The semantic graph analysis approach of SegLinear is potentially extensible to VLM quantization, where text and visual tokens exhibit analogous semantic heterogeneity. The polarity decomposition idea in DualScale may also benefit other large models using SiLU/GELU, such as LLMs.

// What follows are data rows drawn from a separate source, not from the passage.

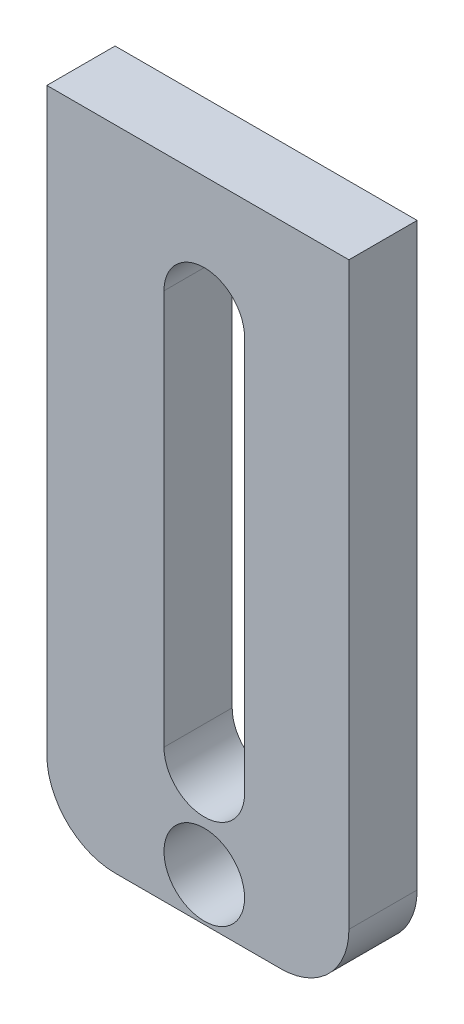
ISO-10303-21;
HEADER;
FILE_DESCRIPTION(('STEP AP214'),'2;1');
FILE_NAME('part.step','',(''),(''),'','','');
FILE_SCHEMA(('AUTOMOTIVE_DESIGN { 1 0 10303 214 1 1 1 1 }'));
ENDSEC;
DATA;
#1=APPLICATION_CONTEXT('core data for automotive mechanical design processes');
#2=APPLICATION_PROTOCOL_DEFINITION('international standard','automotive_design',2000,#1);
#3=PRODUCT_CONTEXT('',#1,'mechanical');
#4=PRODUCT('Part','Part','',(#3));
#5=PRODUCT_RELATED_PRODUCT_CATEGORY('part','',(#4));
#6=PRODUCT_DEFINITION_FORMATION('','',#4);
#7=PRODUCT_DEFINITION_CONTEXT('part definition',#1,'design');
#8=PRODUCT_DEFINITION('design','',#6,#7);
#9=PRODUCT_DEFINITION_SHAPE('','',#8);
#10=(LENGTH_UNIT() NAMED_UNIT(*) SI_UNIT(.MILLI.,.METRE.));
#11=(NAMED_UNIT(*) PLANE_ANGLE_UNIT() SI_UNIT($,.RADIAN.));
#12=(NAMED_UNIT(*) SI_UNIT($,.STERADIAN.) SOLID_ANGLE_UNIT());
#13=UNCERTAINTY_MEASURE_WITH_UNIT(LENGTH_MEASURE(1.E-05),#10,'distance_accuracy_value','');
#14=(GEOMETRIC_REPRESENTATION_CONTEXT(3) GLOBAL_UNCERTAINTY_ASSIGNED_CONTEXT((#13)) GLOBAL_UNIT_ASSIGNED_CONTEXT((#10,
#11,#12)) REPRESENTATION_CONTEXT('',''));
#15=CARTESIAN_POINT('',(0.,0.,0.));
#16=DIRECTION('',(0.,0.,1.));
#17=DIRECTION('',(1.,0.,0.));
#18=AXIS2_PLACEMENT_3D('',#15,#16,#17);
#19=CARTESIAN_POINT('',(-143.509134839057,40.8788345090407,5.08));
#20=DIRECTION('',(0.,0.,-1.));
#21=DIRECTION('',(-1.,0.,0.));
#22=AXIS2_PLACEMENT_3D('',#19,#20,#21);
#23=CYLINDRICAL_SURFACE('',#22,3.);
#24=CARTESIAN_POINT('',(-143.509134839057,40.8788345090407,0.));
#25=DIRECTION('',(0.,0.,1.));
#26=DIRECTION('',(1.,0.,0.));
#27=AXIS2_PLACEMENT_3D('',#24,#25,#26);
#28=CIRCLE('',#27,3.);
#29=CARTESIAN_POINT('',(-146.509134839057,40.8788345090407,0.));
#30=VERTEX_POINT('',#29);
#31=CARTESIAN_POINT('',(-140.509134839057,40.8788345090407,0.));
#32=VERTEX_POINT('',#31);
#33=EDGE_CURVE('E165',#30,#32,#28,.T.);
#34=ORIENTED_EDGE('',*,*,#33,.F.);
#35=DIRECTION('',(0.,0.,-1.));
#36=VECTOR('',#35,1.);
#37=CARTESIAN_POINT('',(-146.509134839057,40.8788345090407,5.08));
#38=LINE('',#37,#36);
#39=CARTESIAN_POINT('',(-146.509134839057,40.8788345090407,5.08));
#40=VERTEX_POINT('',#39);
#41=EDGE_CURVE('E11',#40,#30,#38,.T.);
#42=ORIENTED_EDGE('',*,*,#41,.F.);
#43=CARTESIAN_POINT('',(-143.509134839057,40.8788345090407,5.08));
#44=DIRECTION('',(0.,0.,1.));
#45=DIRECTION('',(1.,0.,0.));
#46=AXIS2_PLACEMENT_3D('',#43,#44,#45);
#47=CIRCLE('',#46,3.);
#48=CARTESIAN_POINT('',(-140.509134839057,40.8788345090407,5.08));
#49=VERTEX_POINT('',#48);
#50=EDGE_CURVE('E136',#40,#49,#47,.T.);
#51=ORIENTED_EDGE('',*,*,#50,.T.);
#52=DIRECTION('',(0.,0.,-1.));
#53=VECTOR('',#52,1.);
#54=CARTESIAN_POINT('',(-140.509134839057,40.8788345090407,5.08));
#55=LINE('',#54,#53);
#56=EDGE_CURVE('E94',#49,#32,#55,.T.);
#57=ORIENTED_EDGE('',*,*,#56,.T.);
#58=EDGE_LOOP('',(#34,#42,#51,#57));
#59=FACE_BOUND('',#58,.T.);
#60=ADVANCED_FACE('F35',(#59),#23,.F.);
#61=CARTESIAN_POINT('',(-146.509134839057,0.,5.08));
#62=DIRECTION('',(1.,0.,0.));
#63=DIRECTION('',(0.,0.,-1.));
#64=AXIS2_PLACEMENT_3D('',#61,#62,#63);
#65=PLANE('',#64);
#66=DIRECTION('',(0.,-1.,0.));
#67=VECTOR('',#66,1.);
#68=CARTESIAN_POINT('',(-146.509134839057,0.,0.));
#69=LINE('',#68,#67);
#70=CARTESIAN_POINT('',(-146.509134839057,70.311824491359,0.));
#71=VERTEX_POINT('',#70);
#72=EDGE_CURVE('E127',#71,#30,#69,.T.);
#73=ORIENTED_EDGE('',*,*,#72,.F.);
#74=DIRECTION('',(0.,0.,-1.));
#75=VECTOR('',#74,1.);
#76=CARTESIAN_POINT('',(-146.509134839057,70.311824491359,5.08));
#77=LINE('',#76,#75);
#78=CARTESIAN_POINT('',(-146.509134839057,70.311824491359,5.08));
#79=VERTEX_POINT('',#78);
#80=EDGE_CURVE('E45',#79,#71,#77,.T.);
#81=ORIENTED_EDGE('',*,*,#80,.F.);
#82=DIRECTION('',(0.,-1.,0.));
#83=VECTOR('',#82,1.);
#84=CARTESIAN_POINT('',(-146.509134839057,0.,5.08));
#85=LINE('',#84,#83);
#86=EDGE_CURVE('E125',#79,#40,#85,.T.);
#87=ORIENTED_EDGE('',*,*,#86,.T.);
#88=ORIENTED_EDGE('',*,*,#41,.T.);
#89=EDGE_LOOP('',(#73,#81,#87,#88));
#90=FACE_BOUND('',#89,.T.);
#91=ADVANCED_FACE('F124',(#90),#65,.T.);
#92=CARTESIAN_POINT('',(-143.509134839057,70.311824491359,5.08));
#93=DIRECTION('',(0.,0.,-1.));
#94=DIRECTION('',(-1.,0.,0.));
#95=AXIS2_PLACEMENT_3D('',#92,#93,#94);
#96=CYLINDRICAL_SURFACE('',#95,3.);
#97=CARTESIAN_POINT('',(-143.509134839057,70.311824491359,0.));
#98=DIRECTION('',(0.,0.,1.));
#99=DIRECTION('',(1.,0.,0.));
#100=AXIS2_PLACEMENT_3D('',#97,#98,#99);
#101=CIRCLE('',#100,3.);
#102=CARTESIAN_POINT('',(-140.509134839057,70.311824491359,0.));
#103=VERTEX_POINT('',#102);
#104=EDGE_CURVE('E169',#103,#71,#101,.T.);
#105=ORIENTED_EDGE('',*,*,#104,.F.);
#106=DIRECTION('',(0.,0.,-1.));
#107=VECTOR('',#106,1.);
#108=CARTESIAN_POINT('',(-140.509134839057,70.311824491359,5.08));
#109=LINE('',#108,#107);
#110=CARTESIAN_POINT('',(-140.509134839057,70.311824491359,5.08));
#111=VERTEX_POINT('',#110);
#112=EDGE_CURVE('E87',#111,#103,#109,.T.);
#113=ORIENTED_EDGE('',*,*,#112,.F.);
#114=CARTESIAN_POINT('',(-143.509134839057,70.311824491359,5.08));
#115=DIRECTION('',(0.,0.,1.));
#116=DIRECTION('',(1.,0.,0.));
#117=AXIS2_PLACEMENT_3D('',#114,#115,#116);
#118=CIRCLE('',#117,3.);
#119=EDGE_CURVE('E135',#111,#79,#118,.T.);
#120=ORIENTED_EDGE('',*,*,#119,.T.);
#121=ORIENTED_EDGE('',*,*,#80,.T.);
#122=EDGE_LOOP('',(#105,#113,#120,#121));
#123=FACE_BOUND('',#122,.T.);
#124=ADVANCED_FACE('F138',(#123),#96,.F.);
#125=CARTESIAN_POINT('',(-150.150857377842,36.0192520602848,5.08));
#126=DIRECTION('',(0.,0.,-1.));
#127=DIRECTION('',(-1.,0.,0.));
#128=AXIS2_PLACEMENT_3D('',#125,#126,#127);
#129=CYLINDRICAL_SURFACE('',#128,5.08);
#130=CARTESIAN_POINT('',(-150.150857377842,36.0192520602848,0.));
#131=DIRECTION('',(0.,0.,1.));
#132=DIRECTION('',(1.,0.,0.));
#133=AXIS2_PLACEMENT_3D('',#130,#131,#132);
#134=CIRCLE('',#133,5.08);
#135=CARTESIAN_POINT('',(-150.150857377842,30.9392520602848,0.));
#136=VERTEX_POINT('',#135);
#137=CARTESIAN_POINT('',(-155.230857377842,36.0192520602848,0.));
#138=VERTEX_POINT('',#137);
#139=EDGE_CURVE('E147',#136,#138,#134,.F.);
#140=ORIENTED_EDGE('',*,*,#139,.F.);
#141=DIRECTION('',(0.,0.,-1.));
#142=VECTOR('',#141,1.);
#143=CARTESIAN_POINT('',(-150.150857377842,30.9392520602848,5.08));
#144=LINE('',#143,#142);
#145=CARTESIAN_POINT('',(-150.150857377842,30.9392520602848,5.08));
#146=VERTEX_POINT('',#145);
#147=EDGE_CURVE('E39',#146,#136,#144,.T.);
#148=ORIENTED_EDGE('',*,*,#147,.F.);
#149=CARTESIAN_POINT('',(-150.150857377842,36.0192520602848,5.08));
#150=DIRECTION('',(0.,0.,1.));
#151=DIRECTION('',(1.,0.,0.));
#152=AXIS2_PLACEMENT_3D('',#149,#150,#151);
#153=CIRCLE('',#152,5.08);
#154=CARTESIAN_POINT('',(-155.230857377842,36.0192520602848,5.08));
#155=VERTEX_POINT('',#154);
#156=EDGE_CURVE('E176',#146,#155,#153,.F.);
#157=ORIENTED_EDGE('',*,*,#156,.T.);
#158=DIRECTION('',(0.,0.,-1.));
#159=VECTOR('',#158,1.);
#160=CARTESIAN_POINT('',(-155.230857377842,36.0192520602848,5.08));
#161=LINE('',#160,#159);
#162=EDGE_CURVE('E146',#155,#138,#161,.T.);
#163=ORIENTED_EDGE('',*,*,#162,.T.);
#164=EDGE_LOOP('',(#140,#148,#157,#163));
#165=FACE_BOUND('',#164,.T.);
#166=ADVANCED_FACE('F37',(#165),#129,.T.);
#167=CARTESIAN_POINT('',(0.,30.9392520602848,5.08));
#168=DIRECTION('',(0.,-1.,0.));
#169=DIRECTION('',(0.,0.,-1.));
#170=AXIS2_PLACEMENT_3D('',#167,#168,#169);
#171=PLANE('',#170);
#172=DIRECTION('',(-1.,0.,0.));
#173=VECTOR('',#172,1.);
#174=CARTESIAN_POINT('',(0.,30.9392520602848,0.));
#175=LINE('',#174,#173);
#176=CARTESIAN_POINT('',(-137.817233388771,30.9392520602848,0.));
#177=VERTEX_POINT('',#176);
#178=EDGE_CURVE('E150',#177,#136,#175,.T.);
#179=ORIENTED_EDGE('',*,*,#178,.F.);
#180=DIRECTION('',(0.,0.,-1.));
#181=VECTOR('',#180,1.);
#182=CARTESIAN_POINT('',(-137.817233388771,30.9392520602848,5.08));
#183=LINE('',#182,#181);
#184=CARTESIAN_POINT('',(-137.817233388771,30.9392520602848,5.08));
#185=VERTEX_POINT('',#184);
#186=EDGE_CURVE('E185',#185,#177,#183,.T.);
#187=ORIENTED_EDGE('',*,*,#186,.F.);
#188=DIRECTION('',(-1.,0.,0.));
#189=VECTOR('',#188,1.);
#190=CARTESIAN_POINT('',(0.,30.9392520602848,5.08));
#191=LINE('',#190,#189);
#192=EDGE_CURVE('E194',#185,#146,#191,.T.);
#193=ORIENTED_EDGE('',*,*,#192,.T.);
#194=ORIENTED_EDGE('',*,*,#147,.T.);
#195=EDGE_LOOP('',(#179,#187,#193,#194));
#196=FACE_BOUND('',#195,.T.);
#197=ADVANCED_FACE('F192',(#196),#171,.T.);
#198=CARTESIAN_POINT('',(-137.817233388771,36.0192520602848,5.08));
#199=DIRECTION('',(0.,0.,-1.));
#200=DIRECTION('',(-1.,0.,0.));
#201=AXIS2_PLACEMENT_3D('',#198,#199,#200);
#202=CYLINDRICAL_SURFACE('',#201,5.08);
#203=CARTESIAN_POINT('',(-137.817233388771,36.0192520602848,0.));
#204=DIRECTION('',(0.,0.,1.));
#205=DIRECTION('',(1.,0.,0.));
#206=AXIS2_PLACEMENT_3D('',#203,#204,#205);
#207=CIRCLE('',#206,5.08);
#208=CARTESIAN_POINT('',(-132.737233388771,36.0192520602848,0.));
#209=VERTEX_POINT('',#208);
#210=EDGE_CURVE('E153',#209,#177,#207,.F.);
#211=ORIENTED_EDGE('',*,*,#210,.F.);
#212=DIRECTION('',(0.,0.,-1.));
#213=VECTOR('',#212,1.);
#214=CARTESIAN_POINT('',(-132.737233388771,36.0192520602848,5.08));
#215=LINE('',#214,#213);
#216=CARTESIAN_POINT('',(-132.737233388771,36.0192520602848,5.08));
#217=VERTEX_POINT('',#216);
#218=EDGE_CURVE('E184',#217,#209,#215,.T.);
#219=ORIENTED_EDGE('',*,*,#218,.F.);
#220=CARTESIAN_POINT('',(-137.817233388771,36.0192520602848,5.08));
#221=DIRECTION('',(0.,0.,1.));
#222=DIRECTION('',(1.,0.,0.));
#223=AXIS2_PLACEMENT_3D('',#220,#221,#222);
#224=CIRCLE('',#223,5.08);
#225=EDGE_CURVE('E202',#217,#185,#224,.F.);
#226=ORIENTED_EDGE('',*,*,#225,.T.);
#227=ORIENTED_EDGE('',*,*,#186,.T.);
#228=EDGE_LOOP('',(#211,#219,#226,#227));
#229=FACE_BOUND('',#228,.T.);
#230=ADVANCED_FACE('F200',(#229),#202,.T.);
#231=CARTESIAN_POINT('',(-132.737233388771,0.,5.08));
#232=DIRECTION('',(1.,0.,0.));
#233=DIRECTION('',(0.,0.,-1.));
#234=AXIS2_PLACEMENT_3D('',#231,#232,#233);
#235=PLANE('',#234);
#236=DIRECTION('',(0.,-1.,0.));
#237=VECTOR('',#236,1.);
#238=CARTESIAN_POINT('',(-132.737233388771,0.,0.));
#239=LINE('',#238,#237);
#240=CARTESIAN_POINT('',(-132.737233388771,79.1992520602848,0.));
#241=VERTEX_POINT('',#240);
#242=EDGE_CURVE('E156',#241,#209,#239,.T.);
#243=ORIENTED_EDGE('',*,*,#242,.F.);
#244=DIRECTION('',(0.,0.,-1.));
#245=VECTOR('',#244,1.);
#246=CARTESIAN_POINT('',(-132.737233388771,79.1992520602848,5.08));
#247=LINE('',#246,#245);
#248=CARTESIAN_POINT('',(-132.737233388771,79.1992520602848,5.08));
#249=VERTEX_POINT('',#248);
#250=EDGE_CURVE('E182',#249,#241,#247,.T.);
#251=ORIENTED_EDGE('',*,*,#250,.F.);
#252=DIRECTION('',(0.,-1.,0.));
#253=VECTOR('',#252,1.);
#254=CARTESIAN_POINT('',(-132.737233388771,0.,5.08));
#255=LINE('',#254,#253);
#256=EDGE_CURVE('E208',#249,#217,#255,.T.);
#257=ORIENTED_EDGE('',*,*,#256,.T.);
#258=ORIENTED_EDGE('',*,*,#218,.T.);
#259=EDGE_LOOP('',(#243,#251,#257,#258));
#260=FACE_BOUND('',#259,.T.);
#261=ADVANCED_FACE('F211',(#260),#235,.T.);
#262=CARTESIAN_POINT('',(0.,79.1992520602848,5.08));
#263=DIRECTION('',(0.,1.,0.));
#264=DIRECTION('',(0.,0.,1.));
#265=AXIS2_PLACEMENT_3D('',#262,#263,#264);
#266=PLANE('',#265);
#267=DIRECTION('',(1.,0.,0.));
#268=VECTOR('',#267,1.);
#269=CARTESIAN_POINT('',(0.,79.1992520602848,0.));
#270=LINE('',#269,#268);
#271=CARTESIAN_POINT('',(-155.230857377842,79.1992520602848,0.));
#272=VERTEX_POINT('',#271);
#273=EDGE_CURVE('E159',#272,#241,#270,.T.);
#274=ORIENTED_EDGE('',*,*,#273,.F.);
#275=DIRECTION('',(0.,0.,-1.));
#276=VECTOR('',#275,1.);
#277=CARTESIAN_POINT('',(-155.230857377842,79.1992520602848,5.08));
#278=LINE('',#277,#276);
#279=CARTESIAN_POINT('',(-155.230857377842,79.1992520602848,5.08));
#280=VERTEX_POINT('',#279);
#281=EDGE_CURVE('E180',#280,#272,#278,.T.);
#282=ORIENTED_EDGE('',*,*,#281,.F.);
#283=DIRECTION('',(1.,0.,0.));
#284=VECTOR('',#283,1.);
#285=CARTESIAN_POINT('',(0.,79.1992520602848,5.08));
#286=LINE('',#285,#284);
#287=EDGE_CURVE('E212',#280,#249,#286,.T.);
#288=ORIENTED_EDGE('',*,*,#287,.T.);
#289=ORIENTED_EDGE('',*,*,#250,.T.);
#290=EDGE_LOOP('',(#274,#282,#288,#289));
#291=FACE_BOUND('',#290,.T.);
#292=ADVANCED_FACE('F223',(#291),#266,.T.);
#293=CARTESIAN_POINT('',(-140.509134839057,0.,5.08));
#294=DIRECTION('',(1.,0.,0.));
#295=DIRECTION('',(0.,0.,-1.));
#296=AXIS2_PLACEMENT_3D('',#293,#294,#295);
#297=PLANE('',#296);
#298=DIRECTION('',(0.,-1.,0.));
#299=VECTOR('',#298,1.);
#300=CARTESIAN_POINT('',(-140.509134839057,0.,0.));
#301=LINE('',#300,#299);
#302=EDGE_CURVE('E171',#103,#32,#301,.T.);
#303=ORIENTED_EDGE('',*,*,#302,.T.);
#304=ORIENTED_EDGE('',*,*,#56,.F.);
#305=DIRECTION('',(0.,-1.,0.));
#306=VECTOR('',#305,1.);
#307=CARTESIAN_POINT('',(-140.509134839057,0.,5.08));
#308=LINE('',#307,#306);
#309=EDGE_CURVE('E54',#111,#49,#308,.T.);
#310=ORIENTED_EDGE('',*,*,#309,.F.);
#311=ORIENTED_EDGE('',*,*,#112,.T.);
#312=EDGE_LOOP('',(#303,#304,#310,#311));
#313=FACE_BOUND('',#312,.T.);
#314=ADVANCED_FACE('F220',(#313),#297,.F.);
#315=CARTESIAN_POINT('',(-155.230857377842,0.,5.08));
#316=DIRECTION('',(-1.,0.,0.));
#317=DIRECTION('',(0.,0.,1.));
#318=AXIS2_PLACEMENT_3D('',#315,#316,#317);
#319=PLANE('',#318);
#320=DIRECTION('',(0.,1.,0.));
#321=VECTOR('',#320,1.);
#322=CARTESIAN_POINT('',(-155.230857377842,0.,0.));
#323=LINE('',#322,#321);
#324=EDGE_CURVE('E162',#138,#272,#323,.T.);
#325=ORIENTED_EDGE('',*,*,#324,.F.);
#326=ORIENTED_EDGE('',*,*,#162,.F.);
#327=DIRECTION('',(0.,1.,0.));
#328=VECTOR('',#327,1.);
#329=CARTESIAN_POINT('',(-155.230857377842,0.,5.08));
#330=LINE('',#329,#328);
#331=EDGE_CURVE('E214',#155,#280,#330,.T.);
#332=ORIENTED_EDGE('',*,*,#331,.T.);
#333=ORIENTED_EDGE('',*,*,#281,.T.);
#334=EDGE_LOOP('',(#325,#326,#332,#333));
#335=FACE_BOUND('',#334,.T.);
#336=ADVANCED_FACE('F222',(#335),#319,.T.);
#337=CARTESIAN_POINT('',(-143.509134839057,34.1617201720865,5.08));
#338=DIRECTION('',(0.,0.,-1.));
#339=DIRECTION('',(-1.,0.,0.));
#340=AXIS2_PLACEMENT_3D('',#337,#338,#339);
#341=CYLINDRICAL_SURFACE('',#340,2.99999999999999);
#342=CARTESIAN_POINT('',(-143.509134839057,34.1617201720865,5.08));
#343=DIRECTION('',(0.,0.,1.));
#344=DIRECTION('',(1.,0.,0.));
#345=AXIS2_PLACEMENT_3D('',#342,#343,#344);
#346=CIRCLE('',#345,2.99999999999999);
#347=CARTESIAN_POINT('',(-140.509134839057,34.1617201720865,5.08));
#348=VERTEX_POINT('',#347);
#349=EDGE_CURVE('E140',#348,#348,#346,.T.);
#350=ORIENTED_EDGE('',*,*,#349,.T.);
#351=EDGE_LOOP('',(#350));
#352=FACE_BOUND('',#351,.T.);
#353=CARTESIAN_POINT('',(-143.509134839057,34.1617201720865,0.));
#354=DIRECTION('',(0.,0.,1.));
#355=DIRECTION('',(1.,0.,0.));
#356=AXIS2_PLACEMENT_3D('',#353,#354,#355);
#357=CIRCLE('',#356,2.99999999999999);
#358=CARTESIAN_POINT('',(-140.509134839057,34.1617201720865,0.));
#359=VERTEX_POINT('',#358);
#360=EDGE_CURVE('E173',#359,#359,#357,.T.);
#361=ORIENTED_EDGE('',*,*,#360,.F.);
#362=EDGE_LOOP('',(#361));
#363=FACE_BOUND('',#362,.T.);
#364=ADVANCED_FACE('F229',(#352,#363),#341,.F.);
#365=CARTESIAN_POINT('',(0.,0.,5.08));
#366=DIRECTION('',(0.,0.,1.));
#367=DIRECTION('',(1.,0.,0.));
#368=AXIS2_PLACEMENT_3D('',#365,#366,#367);
#369=PLANE('',#368);
#370=ORIENTED_EDGE('',*,*,#156,.F.);
#371=ORIENTED_EDGE('',*,*,#192,.F.);
#372=ORIENTED_EDGE('',*,*,#225,.F.);
#373=ORIENTED_EDGE('',*,*,#256,.F.);
#374=ORIENTED_EDGE('',*,*,#287,.F.);
#375=ORIENTED_EDGE('',*,*,#331,.F.);
#376=EDGE_LOOP('',(#370,#371,#372,#373,#374,#375));
#377=FACE_BOUND('',#376,.T.);
#378=ORIENTED_EDGE('',*,*,#50,.F.);
#379=ORIENTED_EDGE('',*,*,#86,.F.);
#380=ORIENTED_EDGE('',*,*,#119,.F.);
#381=ORIENTED_EDGE('',*,*,#309,.T.);
#382=EDGE_LOOP('',(#378,#379,#380,#381));
#383=FACE_BOUND('',#382,.T.);
#384=ORIENTED_EDGE('',*,*,#349,.F.);
#385=EDGE_LOOP('',(#384));
#386=FACE_BOUND('',#385,.T.);
#387=ADVANCED_FACE('F133',(#377,#383,#386),#369,.T.);
#388=CARTESIAN_POINT('',(0.,0.,0.));
#389=DIRECTION('',(0.,0.,1.));
#390=DIRECTION('',(1.,0.,0.));
#391=AXIS2_PLACEMENT_3D('',#388,#389,#390);
#392=PLANE('',#391);
#393=ORIENTED_EDGE('',*,*,#139,.T.);
#394=ORIENTED_EDGE('',*,*,#324,.T.);
#395=ORIENTED_EDGE('',*,*,#273,.T.);
#396=ORIENTED_EDGE('',*,*,#242,.T.);
#397=ORIENTED_EDGE('',*,*,#210,.T.);
#398=ORIENTED_EDGE('',*,*,#178,.T.);
#399=EDGE_LOOP('',(#393,#394,#395,#396,#397,#398));
#400=FACE_BOUND('',#399,.T.);
#401=ORIENTED_EDGE('',*,*,#33,.T.);
#402=ORIENTED_EDGE('',*,*,#302,.F.);
#403=ORIENTED_EDGE('',*,*,#104,.T.);
#404=ORIENTED_EDGE('',*,*,#72,.T.);
#405=EDGE_LOOP('',(#401,#402,#403,#404));
#406=FACE_BOUND('',#405,.T.);
#407=ORIENTED_EDGE('',*,*,#360,.T.);
#408=EDGE_LOOP('',(#407));
#409=FACE_BOUND('',#408,.T.);
#410=ADVANCED_FACE('F197',(#400,#406,#409),#392,.F.);
#411=CLOSED_SHELL('',(#60,#91,#124,#166,#197,#230,#261,#292,#314,#336,#364,#387,#410));
#412=MANIFOLD_SOLID_BREP('B2',#411);
#413=ADVANCED_BREP_SHAPE_REPRESENTATION('',(#18,#412),#14);
#414=SHAPE_DEFINITION_REPRESENTATION(#9,#413);
ENDSEC;
END-ISO-10303-21;

The overall modular design (Optimizer + Calibrator + enhancement modules) provides a valuable reference for future quantization framework design.
Rating¶
- Novelty: ⭐⭐⭐⭐ — The designs of semantic segmentation and polarity preservation are insightful, though the overall contribution is engineering-oriented framework innovation.
- Experimental Thoroughness: ⭐⭐⭐⭐⭐ — Three architectures, three datasets, multiple precision settings, detailed ablations, and practical efficiency analysis.
- Writing Quality: ⭐⭐⭐⭐ — Clear structure, well-motivated, and consistent terminology.
- Value: ⭐⭐⭐⭐ — Addresses practical deployment pain points in diffusion model quantization with strong applicability.